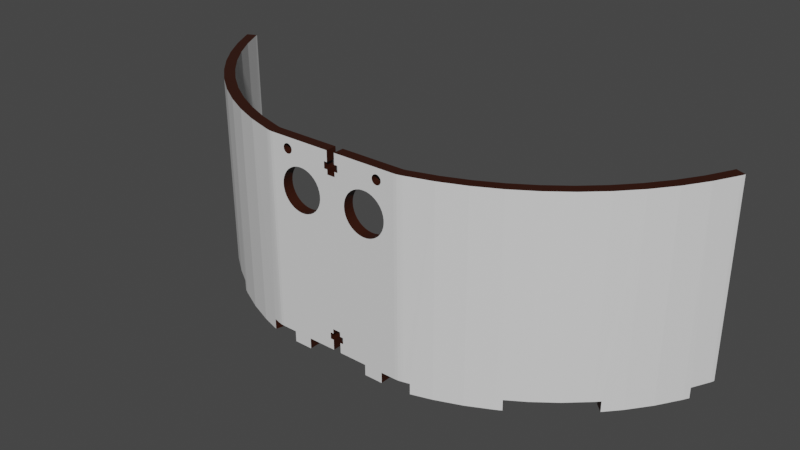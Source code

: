 # Source: BackCover.blend  (saved by Blender 2.81.16; exported with 4.5.12 LTS)
import bpy
from mathutils import Matrix  # noqa: F401  (used for matrix-valued properties, if any)

bpy.ops.wm.read_factory_settings(use_empty=True)
scene = bpy.context.scene
scene.name = 'Scene'

# ---- collections
col_collection = bpy.data.collections.new('Collection'); scene.collection.children.link(col_collection)

# ---- materials (node trees are filled in below, after node groups)
mat_main = bpy.data.materials.new('Main')
mat_main.use_transparent_shadow = False
mat_dark_brown = bpy.data.materials.new('Dark Brown')
mat_dark_brown.use_transparent_shadow = False

# ---- material node trees
mat_main.use_nodes = True; mat_main.node_tree.nodes.clear()
_N = mat_main.node_tree.nodes; _L = mat_main.node_tree.links
n0 = _N.new('ShaderNodeOutputMaterial'); n0.name = 'Material Output'; n0.location = (300, 300)
n1 = _N.new('ShaderNodeBsdfPrincipled'); n1.name = 'Principled BSDF'; n1.location = (10, 300)
n1.distribution = 'GGX'
n1.subsurface_method = 'BURLEY'
n1.inputs[3].default_value = 1.45
n1.inputs[27].default_value = (0.0, 0.0, 0.0, 1.0)
n1.inputs[28].default_value = 1.0
_L.new(n1.outputs[0], n0.inputs[0])
n0.is_active_output = True
mat_dark_brown.use_nodes = True; mat_dark_brown.node_tree.nodes.clear()
_N = mat_dark_brown.node_tree.nodes; _L = mat_dark_brown.node_tree.links
n0 = _N.new('ShaderNodeOutputMaterial'); n0.name = 'Material Output'; n0.location = (300, 300)
n1 = _N.new('ShaderNodeBsdfPrincipled'); n1.name = 'Principled BSDF'; n1.location = (10, 300)
n1.distribution = 'GGX'
n1.subsurface_method = 'BURLEY'
n1.inputs[0].default_value = (0.03157, 0.004983, 0.0, 1.0)
n1.inputs[3].default_value = 1.45
n1.inputs[27].default_value = (0.0, 0.0, 0.0, 1.0)
n1.inputs[28].default_value = 1.0
_L.new(n1.outputs[0], n0.inputs[0])
n0.is_active_output = True

# ---- world
world_world = bpy.data.worlds.new('World'); scene.world = world_world
world_world.use_nodes = True; world_world.node_tree.nodes.clear()
_N = world_world.node_tree.nodes; _L = world_world.node_tree.links
n0 = _N.new('ShaderNodeOutputWorld'); n0.name = 'World Output'; n0.location = (300, 300)
n1 = _N.new('ShaderNodeBackground'); n1.name = 'Background'; n1.location = (10, 300)
n1.inputs[0].default_value = (0.05088, 0.05088, 0.05088, 1.0)
_L.new(n1.outputs[0], n0.inputs[0])
n0.is_active_output = True
world_world.color = (0.05088, 0.05088, 0.05088)
world_world.use_sun_shadow = False
world_world.sun_shadow_jitter_overblur = 0.0

# ---- meshes
me_sborka_var7___part2_1 = bpy.data.meshes.new('Sborka var7 - Part2-1')
me_sborka_var7___part2_1.from_pydata([(-12.23, -34.0, 32.58), (-12.23, -34.0, 28.58), (-1.501, -34.0, 32.58), (-1.501, -34.0, 28.58), (24.81, 38.0, 32.58), (24.81, 38.0, 28.58), (1.499, 38.0, 32.58), (1.499, 38.0, 28.58), (1.499, -25.9, 32.58), (1.499, -27.65, 32.58), (20.29, 17.7, 32.58), (2.744, -27.65, 32.58), (2.744, 31.65, 32.58), (1.499, 31.65, 32.58), (1.499, 29.9, 32.58), (-1.501, 34.05, 32.58), (-1.501, 38.0, 32.58), (-2.746, 34.05, 32.58), (-24.81, 38.0, 32.58), (-24.81, -34.0, 32.58), (-19.23, -34.0, 32.58), (-19.23, -38.0, 32.58), (-12.23, -38.0, 32.58), (12.24, -34.0, 32.58), (12.24, -38.0, 32.58), (19.24, -38.0, 32.58), (-14.69, 28.82, 32.58), (-13.34, 28.99, 32.58), (-2.746, 31.65, 32.58), (-11.98, 28.94, 32.58), (-1.501, 29.9, 32.58), (-1.501, 31.65, 32.58), (-1.501, -30.05, 32.58), (-2.746, -30.05, 32.58), (-2.746, -27.65, 32.58), (1.499, -30.05, 32.58), (1.499, -34.0, 32.58), (2.744, -30.05, 32.58), (19.24, -34.0, 32.58), (-19.99, 33.85, 32.58), (-19.99, 34.15, 32.58), (-19.94, 34.44, 32.58), (-19.85, 34.72, 32.58), (19.61, 35.1, 32.58), (19.78, 34.85, 32.58), (-19.7, 34.98, 32.58), (-19.51, 35.21, 32.58), (-19.29, 35.41, 32.58), (-20.89, 22.35, 32.58), (-19.7, 33.02, 32.58), (-19.85, 33.28, 32.58), (-20.54, 18.33, 32.58), (-20.89, 19.65, 32.58), (-21.0, 21.0, 32.58), (-19.94, 33.56, 32.58), (-10.66, 28.65, 32.58), (-9.399, 28.14, 32.58), (4.999, 21.0, 32.58), (5.114, 22.35, 32.58), (5.456, 23.67, 32.58), (-19.04, 35.56, 32.58), (-18.76, 35.67, 32.58), (-18.47, 35.74, 32.58), (-17.33, 35.49, 32.58), (-17.09, 35.31, 32.58), (-16.89, 35.1, 32.58), (-16.53, 33.7, 32.58), (-16.5, 34.0, 32.58), (-16.53, 34.3, 32.58), (-19.04, 32.44, 32.58), (-19.29, 32.59, 32.58), (-19.51, 32.79, 32.58), (19.63, 16.52, 32.58), (18.77, 15.46, 32.58), (17.76, 14.57, 32.58), (-7.225, 15.46, 32.58), (-8.244, 14.57, 32.58), (-17.2, 14.19, 32.58), (-18.29, 14.99, 32.58), (-1.501, -25.9, 32.58), (-19.23, 15.97, 32.58), (19.9, 34.58, 32.58), (19.97, 34.3, 32.58), (20.0, 34.0, 32.58), (20.97, 21.68, 32.58), (19.78, 33.15, 32.58), (19.61, 32.9, 32.58), (-18.18, 35.75, 32.58), (-17.88, 35.71, 32.58), (-17.6, 35.62, 32.58), (-16.72, 34.85, 32.58), (-16.6, 34.58, 32.58), (-19.98, 24.9, 32.58), (-19.23, 26.03, 32.58), (-18.76, 32.33, 32.58), (-9.399, 13.86, 32.58), (-10.66, 13.35, 32.58), (-11.98, 13.06, 32.58), (-13.34, 13.01, 32.58), (-1.501, -27.65, 32.58), (-19.98, 17.1, 32.58), (19.97, 33.7, 32.58), (19.9, 33.42, 32.58), (-18.18, 32.25, 32.58), (-18.29, 27.01, 32.58), (-17.2, 27.81, 32.58), (-20.54, 23.67, 32.58), (16.6, 13.86, 32.58), (15.34, 13.35, 32.58), (14.02, 13.06, 32.58), (-14.69, 13.18, 32.58), (-15.98, 13.58, 32.58), (16.56, 33.56, 32.58), (16.51, 33.85, 32.58), (2.744, 34.05, 32.58), (16.51, 34.15, 32.58), (1.499, 34.05, 32.58), (20.97, 20.32, 32.58), (24.81, -34.0, 32.58), (20.74, 18.98, 32.58), (16.8, 33.02, 32.58), (16.65, 33.28, 32.58), (12.66, 28.99, 32.58), (-17.09, 32.69, 32.58), (-17.33, 32.51, 32.58), (-18.47, 32.26, 32.58), (12.66, 13.01, 32.58), (11.31, 13.18, 32.58), (10.02, 13.58, 32.58), (16.56, 34.44, 32.58), (16.65, 34.72, 32.58), (16.8, 34.98, 32.58), (18.62, 35.71, 32.58), (18.9, 35.62, 32.58), (6.015, 24.9, 32.58), (6.775, 26.03, 32.58), (7.714, 27.01, 32.58), (8.805, 27.81, 32.58), (-15.98, 28.42, 32.58), (-17.6, 32.38, 32.58), (-17.88, 32.29, 32.58), (6.015, 17.1, 32.58), (5.456, 18.33, 32.58), (16.99, 35.21, 32.58), (17.21, 35.41, 32.58), (17.46, 35.56, 32.58), (19.17, 35.49, 32.58), (19.41, 35.31, 32.58), (11.31, 28.82, 32.58), (-16.6, 33.42, 32.58), (-16.72, 33.15, 32.58), (-16.89, 32.9, 32.58), (-8.244, 27.43, 32.58), (-7.225, 26.54, 32.58), (-6.373, 25.48, 32.58), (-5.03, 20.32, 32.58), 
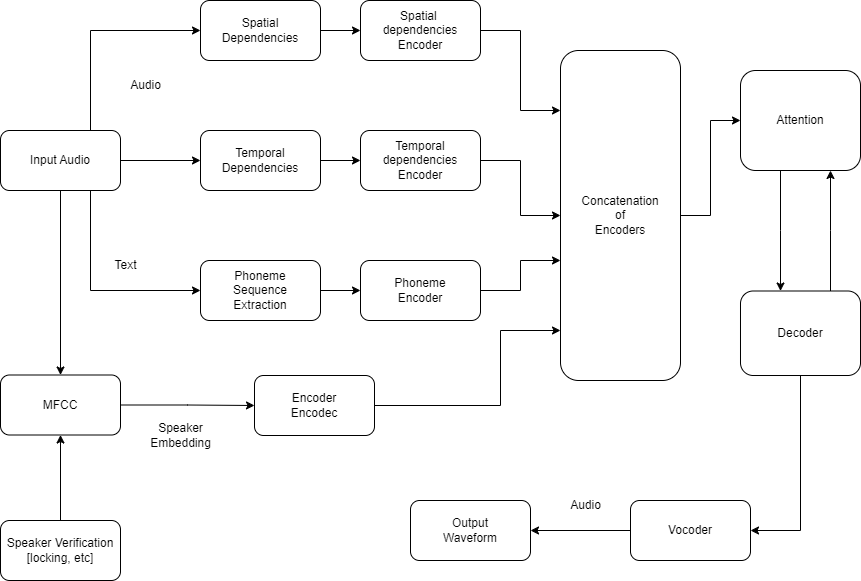

The diagram above was exported from draw.io. Its source (the exported page's mxGraphModel, read from the mxfile embedded in the PNG):
<mxGraphModel dx="1050" dy="623" grid="1" gridSize="10" guides="1" tooltips="1" connect="1" arrows="1" fold="1" page="1" pageScale="1" pageWidth="827" pageHeight="1169" math="0" shadow="0">
  <root>
    <mxCell id="WIyWlLk6GJQsqaUBKTNV-0" />
    <mxCell id="WIyWlLk6GJQsqaUBKTNV-1" parent="WIyWlLk6GJQsqaUBKTNV-0" />
    <mxCell id="sBbS072iyXXfsRHacHDE-6" style="edgeStyle=orthogonalEdgeStyle;rounded=0;orthogonalLoop=1;jettySize=auto;html=1;" edge="1" parent="WIyWlLk6GJQsqaUBKTNV-1" source="sBbS072iyXXfsRHacHDE-0" target="sBbS072iyXXfsRHacHDE-3">
      <mxGeometry relative="1" as="geometry" />
    </mxCell>
    <mxCell id="sBbS072iyXXfsRHacHDE-7" style="edgeStyle=orthogonalEdgeStyle;rounded=0;orthogonalLoop=1;jettySize=auto;html=1;" edge="1" parent="WIyWlLk6GJQsqaUBKTNV-1" source="sBbS072iyXXfsRHacHDE-0" target="sBbS072iyXXfsRHacHDE-4">
      <mxGeometry relative="1" as="geometry">
        <Array as="points">
          <mxPoint x="130" y="180" />
        </Array>
      </mxGeometry>
    </mxCell>
    <mxCell id="sBbS072iyXXfsRHacHDE-8" style="edgeStyle=orthogonalEdgeStyle;rounded=0;orthogonalLoop=1;jettySize=auto;html=1;" edge="1" parent="WIyWlLk6GJQsqaUBKTNV-1" source="sBbS072iyXXfsRHacHDE-0" target="sBbS072iyXXfsRHacHDE-1">
      <mxGeometry relative="1" as="geometry">
        <Array as="points">
          <mxPoint x="130" y="440" />
        </Array>
      </mxGeometry>
    </mxCell>
    <mxCell id="sBbS072iyXXfsRHacHDE-14" style="edgeStyle=orthogonalEdgeStyle;rounded=0;orthogonalLoop=1;jettySize=auto;html=1;" edge="1" parent="WIyWlLk6GJQsqaUBKTNV-1" source="sBbS072iyXXfsRHacHDE-0" target="sBbS072iyXXfsRHacHDE-11">
      <mxGeometry relative="1" as="geometry" />
    </mxCell>
    <mxCell id="sBbS072iyXXfsRHacHDE-0" value="Input Audio&lt;br&gt;" style="rounded=1;whiteSpace=wrap;html=1;" vertex="1" parent="WIyWlLk6GJQsqaUBKTNV-1">
      <mxGeometry x="40" y="280" width="120" height="60" as="geometry" />
    </mxCell>
    <mxCell id="sBbS072iyXXfsRHacHDE-19" style="edgeStyle=orthogonalEdgeStyle;rounded=0;orthogonalLoop=1;jettySize=auto;html=1;entryX=0;entryY=0.5;entryDx=0;entryDy=0;" edge="1" parent="WIyWlLk6GJQsqaUBKTNV-1" source="sBbS072iyXXfsRHacHDE-1" target="sBbS072iyXXfsRHacHDE-17">
      <mxGeometry relative="1" as="geometry" />
    </mxCell>
    <mxCell id="sBbS072iyXXfsRHacHDE-1" value="Phoneme&lt;br&gt;Sequence&lt;br&gt;Extraction" style="rounded=1;whiteSpace=wrap;html=1;" vertex="1" parent="WIyWlLk6GJQsqaUBKTNV-1">
      <mxGeometry x="240" y="410" width="120" height="60" as="geometry" />
    </mxCell>
    <mxCell id="sBbS072iyXXfsRHacHDE-22" style="edgeStyle=orthogonalEdgeStyle;rounded=0;orthogonalLoop=1;jettySize=auto;html=1;" edge="1" parent="WIyWlLk6GJQsqaUBKTNV-1" source="sBbS072iyXXfsRHacHDE-3" target="sBbS072iyXXfsRHacHDE-20">
      <mxGeometry relative="1" as="geometry" />
    </mxCell>
    <mxCell id="sBbS072iyXXfsRHacHDE-3" value="Temporal Dependencies" style="rounded=1;whiteSpace=wrap;html=1;" vertex="1" parent="WIyWlLk6GJQsqaUBKTNV-1">
      <mxGeometry x="240" y="280" width="120" height="60" as="geometry" />
    </mxCell>
    <mxCell id="sBbS072iyXXfsRHacHDE-23" style="edgeStyle=orthogonalEdgeStyle;rounded=0;orthogonalLoop=1;jettySize=auto;html=1;" edge="1" parent="WIyWlLk6GJQsqaUBKTNV-1" source="sBbS072iyXXfsRHacHDE-4" target="sBbS072iyXXfsRHacHDE-21">
      <mxGeometry relative="1" as="geometry" />
    </mxCell>
    <mxCell id="sBbS072iyXXfsRHacHDE-4" value="Spatial&lt;br&gt;Dependencies" style="rounded=1;whiteSpace=wrap;html=1;" vertex="1" parent="WIyWlLk6GJQsqaUBKTNV-1">
      <mxGeometry x="240" y="150" width="120" height="60" as="geometry" />
    </mxCell>
    <mxCell id="sBbS072iyXXfsRHacHDE-9" value="Text" style="text;html=1;align=center;verticalAlign=middle;resizable=0;points=[];autosize=1;strokeColor=none;fillColor=none;" vertex="1" parent="WIyWlLk6GJQsqaUBKTNV-1">
      <mxGeometry x="140" y="400" width="50" height="30" as="geometry" />
    </mxCell>
    <mxCell id="sBbS072iyXXfsRHacHDE-10" value="Audio" style="text;html=1;align=center;verticalAlign=middle;resizable=0;points=[];autosize=1;strokeColor=none;fillColor=none;" vertex="1" parent="WIyWlLk6GJQsqaUBKTNV-1">
      <mxGeometry x="160" y="220" width="50" height="30" as="geometry" />
    </mxCell>
    <mxCell id="sBbS072iyXXfsRHacHDE-15" style="edgeStyle=orthogonalEdgeStyle;rounded=0;orthogonalLoop=1;jettySize=auto;html=1;" edge="1" parent="WIyWlLk6GJQsqaUBKTNV-1" source="sBbS072iyXXfsRHacHDE-11" target="sBbS072iyXXfsRHacHDE-16">
      <mxGeometry relative="1" as="geometry">
        <mxPoint x="300" y="554.5" as="targetPoint" />
      </mxGeometry>
    </mxCell>
    <mxCell id="sBbS072iyXXfsRHacHDE-11" value="MFCC" style="rounded=1;whiteSpace=wrap;html=1;" vertex="1" parent="WIyWlLk6GJQsqaUBKTNV-1">
      <mxGeometry x="40" y="524.5" width="120" height="60" as="geometry" />
    </mxCell>
    <mxCell id="sBbS072iyXXfsRHacHDE-13" style="edgeStyle=orthogonalEdgeStyle;rounded=0;orthogonalLoop=1;jettySize=auto;html=1;entryX=0.5;entryY=1;entryDx=0;entryDy=0;" edge="1" parent="WIyWlLk6GJQsqaUBKTNV-1" source="sBbS072iyXXfsRHacHDE-12" target="sBbS072iyXXfsRHacHDE-11">
      <mxGeometry relative="1" as="geometry" />
    </mxCell>
    <mxCell id="sBbS072iyXXfsRHacHDE-12" value="Speaker Verification&lt;br&gt;[locking, etc]" style="rounded=1;whiteSpace=wrap;html=1;" vertex="1" parent="WIyWlLk6GJQsqaUBKTNV-1">
      <mxGeometry x="40" y="670" width="120" height="60" as="geometry" />
    </mxCell>
    <mxCell id="sBbS072iyXXfsRHacHDE-28" style="edgeStyle=orthogonalEdgeStyle;rounded=0;orthogonalLoop=1;jettySize=auto;html=1;" edge="1" parent="WIyWlLk6GJQsqaUBKTNV-1" source="sBbS072iyXXfsRHacHDE-16" target="sBbS072iyXXfsRHacHDE-24">
      <mxGeometry relative="1" as="geometry">
        <Array as="points">
          <mxPoint x="540" y="555" />
          <mxPoint x="540" y="480" />
        </Array>
      </mxGeometry>
    </mxCell>
    <mxCell id="sBbS072iyXXfsRHacHDE-16" value="Encoder&lt;br&gt;Encodec" style="rounded=1;whiteSpace=wrap;html=1;" vertex="1" parent="WIyWlLk6GJQsqaUBKTNV-1">
      <mxGeometry x="294" y="525" width="120" height="60" as="geometry" />
    </mxCell>
    <mxCell id="sBbS072iyXXfsRHacHDE-27" style="edgeStyle=orthogonalEdgeStyle;rounded=0;orthogonalLoop=1;jettySize=auto;html=1;" edge="1" parent="WIyWlLk6GJQsqaUBKTNV-1" source="sBbS072iyXXfsRHacHDE-17" target="sBbS072iyXXfsRHacHDE-24">
      <mxGeometry relative="1" as="geometry">
        <Array as="points">
          <mxPoint x="560" y="440" />
          <mxPoint x="560" y="410" />
        </Array>
      </mxGeometry>
    </mxCell>
    <mxCell id="sBbS072iyXXfsRHacHDE-17" value="Phoneme&lt;br&gt;Encoder" style="rounded=1;whiteSpace=wrap;html=1;" vertex="1" parent="WIyWlLk6GJQsqaUBKTNV-1">
      <mxGeometry x="400" y="410" width="120" height="60" as="geometry" />
    </mxCell>
    <mxCell id="sBbS072iyXXfsRHacHDE-18" value="Speaker &lt;br&gt;Embedding" style="text;html=1;align=center;verticalAlign=middle;resizable=0;points=[];autosize=1;strokeColor=none;fillColor=none;" vertex="1" parent="WIyWlLk6GJQsqaUBKTNV-1">
      <mxGeometry x="180" y="565" width="80" height="40" as="geometry" />
    </mxCell>
    <mxCell id="sBbS072iyXXfsRHacHDE-26" style="edgeStyle=orthogonalEdgeStyle;rounded=0;orthogonalLoop=1;jettySize=auto;html=1;" edge="1" parent="WIyWlLk6GJQsqaUBKTNV-1" source="sBbS072iyXXfsRHacHDE-20" target="sBbS072iyXXfsRHacHDE-24">
      <mxGeometry relative="1" as="geometry" />
    </mxCell>
    <mxCell id="sBbS072iyXXfsRHacHDE-20" value="Temporal dependencies&lt;br&gt;Encoder" style="rounded=1;whiteSpace=wrap;html=1;" vertex="1" parent="WIyWlLk6GJQsqaUBKTNV-1">
      <mxGeometry x="400" y="280" width="120" height="60" as="geometry" />
    </mxCell>
    <mxCell id="sBbS072iyXXfsRHacHDE-25" style="edgeStyle=orthogonalEdgeStyle;rounded=0;orthogonalLoop=1;jettySize=auto;html=1;" edge="1" parent="WIyWlLk6GJQsqaUBKTNV-1" source="sBbS072iyXXfsRHacHDE-21" target="sBbS072iyXXfsRHacHDE-24">
      <mxGeometry relative="1" as="geometry">
        <Array as="points">
          <mxPoint x="560" y="180" />
          <mxPoint x="560" y="260" />
        </Array>
      </mxGeometry>
    </mxCell>
    <mxCell id="sBbS072iyXXfsRHacHDE-21" value="Spatial&amp;nbsp;&lt;br&gt;dependencies&lt;br&gt;Encoder" style="rounded=1;whiteSpace=wrap;html=1;" vertex="1" parent="WIyWlLk6GJQsqaUBKTNV-1">
      <mxGeometry x="400" y="150" width="120" height="60" as="geometry" />
    </mxCell>
    <mxCell id="sBbS072iyXXfsRHacHDE-31" style="edgeStyle=orthogonalEdgeStyle;rounded=0;orthogonalLoop=1;jettySize=auto;html=1;" edge="1" parent="WIyWlLk6GJQsqaUBKTNV-1" source="sBbS072iyXXfsRHacHDE-24" target="sBbS072iyXXfsRHacHDE-30">
      <mxGeometry relative="1" as="geometry" />
    </mxCell>
    <mxCell id="sBbS072iyXXfsRHacHDE-24" value="Concatenation&lt;br&gt;of&lt;br&gt;Encoders" style="rounded=1;whiteSpace=wrap;html=1;" vertex="1" parent="WIyWlLk6GJQsqaUBKTNV-1">
      <mxGeometry x="600" y="200" width="120" height="330" as="geometry" />
    </mxCell>
    <mxCell id="sBbS072iyXXfsRHacHDE-33" style="edgeStyle=orthogonalEdgeStyle;rounded=0;orthogonalLoop=1;jettySize=auto;html=1;" edge="1" parent="WIyWlLk6GJQsqaUBKTNV-1" source="sBbS072iyXXfsRHacHDE-29" target="sBbS072iyXXfsRHacHDE-30">
      <mxGeometry relative="1" as="geometry">
        <Array as="points">
          <mxPoint x="870" y="380" />
          <mxPoint x="870" y="380" />
        </Array>
      </mxGeometry>
    </mxCell>
    <mxCell id="sBbS072iyXXfsRHacHDE-35" style="edgeStyle=orthogonalEdgeStyle;rounded=0;orthogonalLoop=1;jettySize=auto;html=1;entryX=1;entryY=0.5;entryDx=0;entryDy=0;" edge="1" parent="WIyWlLk6GJQsqaUBKTNV-1" source="sBbS072iyXXfsRHacHDE-29" target="sBbS072iyXXfsRHacHDE-34">
      <mxGeometry relative="1" as="geometry" />
    </mxCell>
    <mxCell id="sBbS072iyXXfsRHacHDE-29" value="Decoder" style="rounded=1;whiteSpace=wrap;html=1;" vertex="1" parent="WIyWlLk6GJQsqaUBKTNV-1">
      <mxGeometry x="780" y="440.5" width="120" height="84.5" as="geometry" />
    </mxCell>
    <mxCell id="sBbS072iyXXfsRHacHDE-32" style="edgeStyle=orthogonalEdgeStyle;rounded=0;orthogonalLoop=1;jettySize=auto;html=1;" edge="1" parent="WIyWlLk6GJQsqaUBKTNV-1" source="sBbS072iyXXfsRHacHDE-30" target="sBbS072iyXXfsRHacHDE-29">
      <mxGeometry relative="1" as="geometry">
        <Array as="points">
          <mxPoint x="820" y="380" />
          <mxPoint x="820" y="380" />
        </Array>
      </mxGeometry>
    </mxCell>
    <mxCell id="sBbS072iyXXfsRHacHDE-30" value="Attention" style="rounded=1;whiteSpace=wrap;html=1;" vertex="1" parent="WIyWlLk6GJQsqaUBKTNV-1">
      <mxGeometry x="780" y="220" width="120" height="100" as="geometry" />
    </mxCell>
    <mxCell id="sBbS072iyXXfsRHacHDE-37" style="edgeStyle=orthogonalEdgeStyle;rounded=0;orthogonalLoop=1;jettySize=auto;html=1;" edge="1" parent="WIyWlLk6GJQsqaUBKTNV-1" source="sBbS072iyXXfsRHacHDE-34" target="sBbS072iyXXfsRHacHDE-36">
      <mxGeometry relative="1" as="geometry" />
    </mxCell>
    <mxCell id="sBbS072iyXXfsRHacHDE-34" value="Vocoder" style="rounded=1;whiteSpace=wrap;html=1;" vertex="1" parent="WIyWlLk6GJQsqaUBKTNV-1">
      <mxGeometry x="670" y="650" width="120" height="60" as="geometry" />
    </mxCell>
    <mxCell id="sBbS072iyXXfsRHacHDE-36" value="Output&lt;br&gt;Waveform" style="rounded=1;whiteSpace=wrap;html=1;" vertex="1" parent="WIyWlLk6GJQsqaUBKTNV-1">
      <mxGeometry x="450" y="650" width="120" height="60" as="geometry" />
    </mxCell>
    <mxCell id="sBbS072iyXXfsRHacHDE-38" value="Audio" style="text;html=1;align=center;verticalAlign=middle;resizable=0;points=[];autosize=1;strokeColor=none;fillColor=none;" vertex="1" parent="WIyWlLk6GJQsqaUBKTNV-1">
      <mxGeometry x="600" y="640" width="50" height="30" as="geometry" />
    </mxCell>
  </root>
</mxGraphModel>

====================

■ **Work to be completed**
Treating the line with "col_collection = bpy.data.collections.new('Collection');" as the last line to include, retype the records exactly from their first line, excluding pictures.

■ **Task solution**
Source code

: # Source: BackCover.blend  (saved by Blender 2.81.16; exported with 4.5.12 LTS)
import bpy
from mathutils import Matrix  # noqa: F401  (used for matrix-valued properties, if any)

bpy.ops.wm.read_factory_settings(use_empty=True)
scene = bpy.context.scene
scene.name = 'Scene'

# ---- collections
col_collection = bpy.data.collections.new('Collection'); scene.collection.children.link(col_collection)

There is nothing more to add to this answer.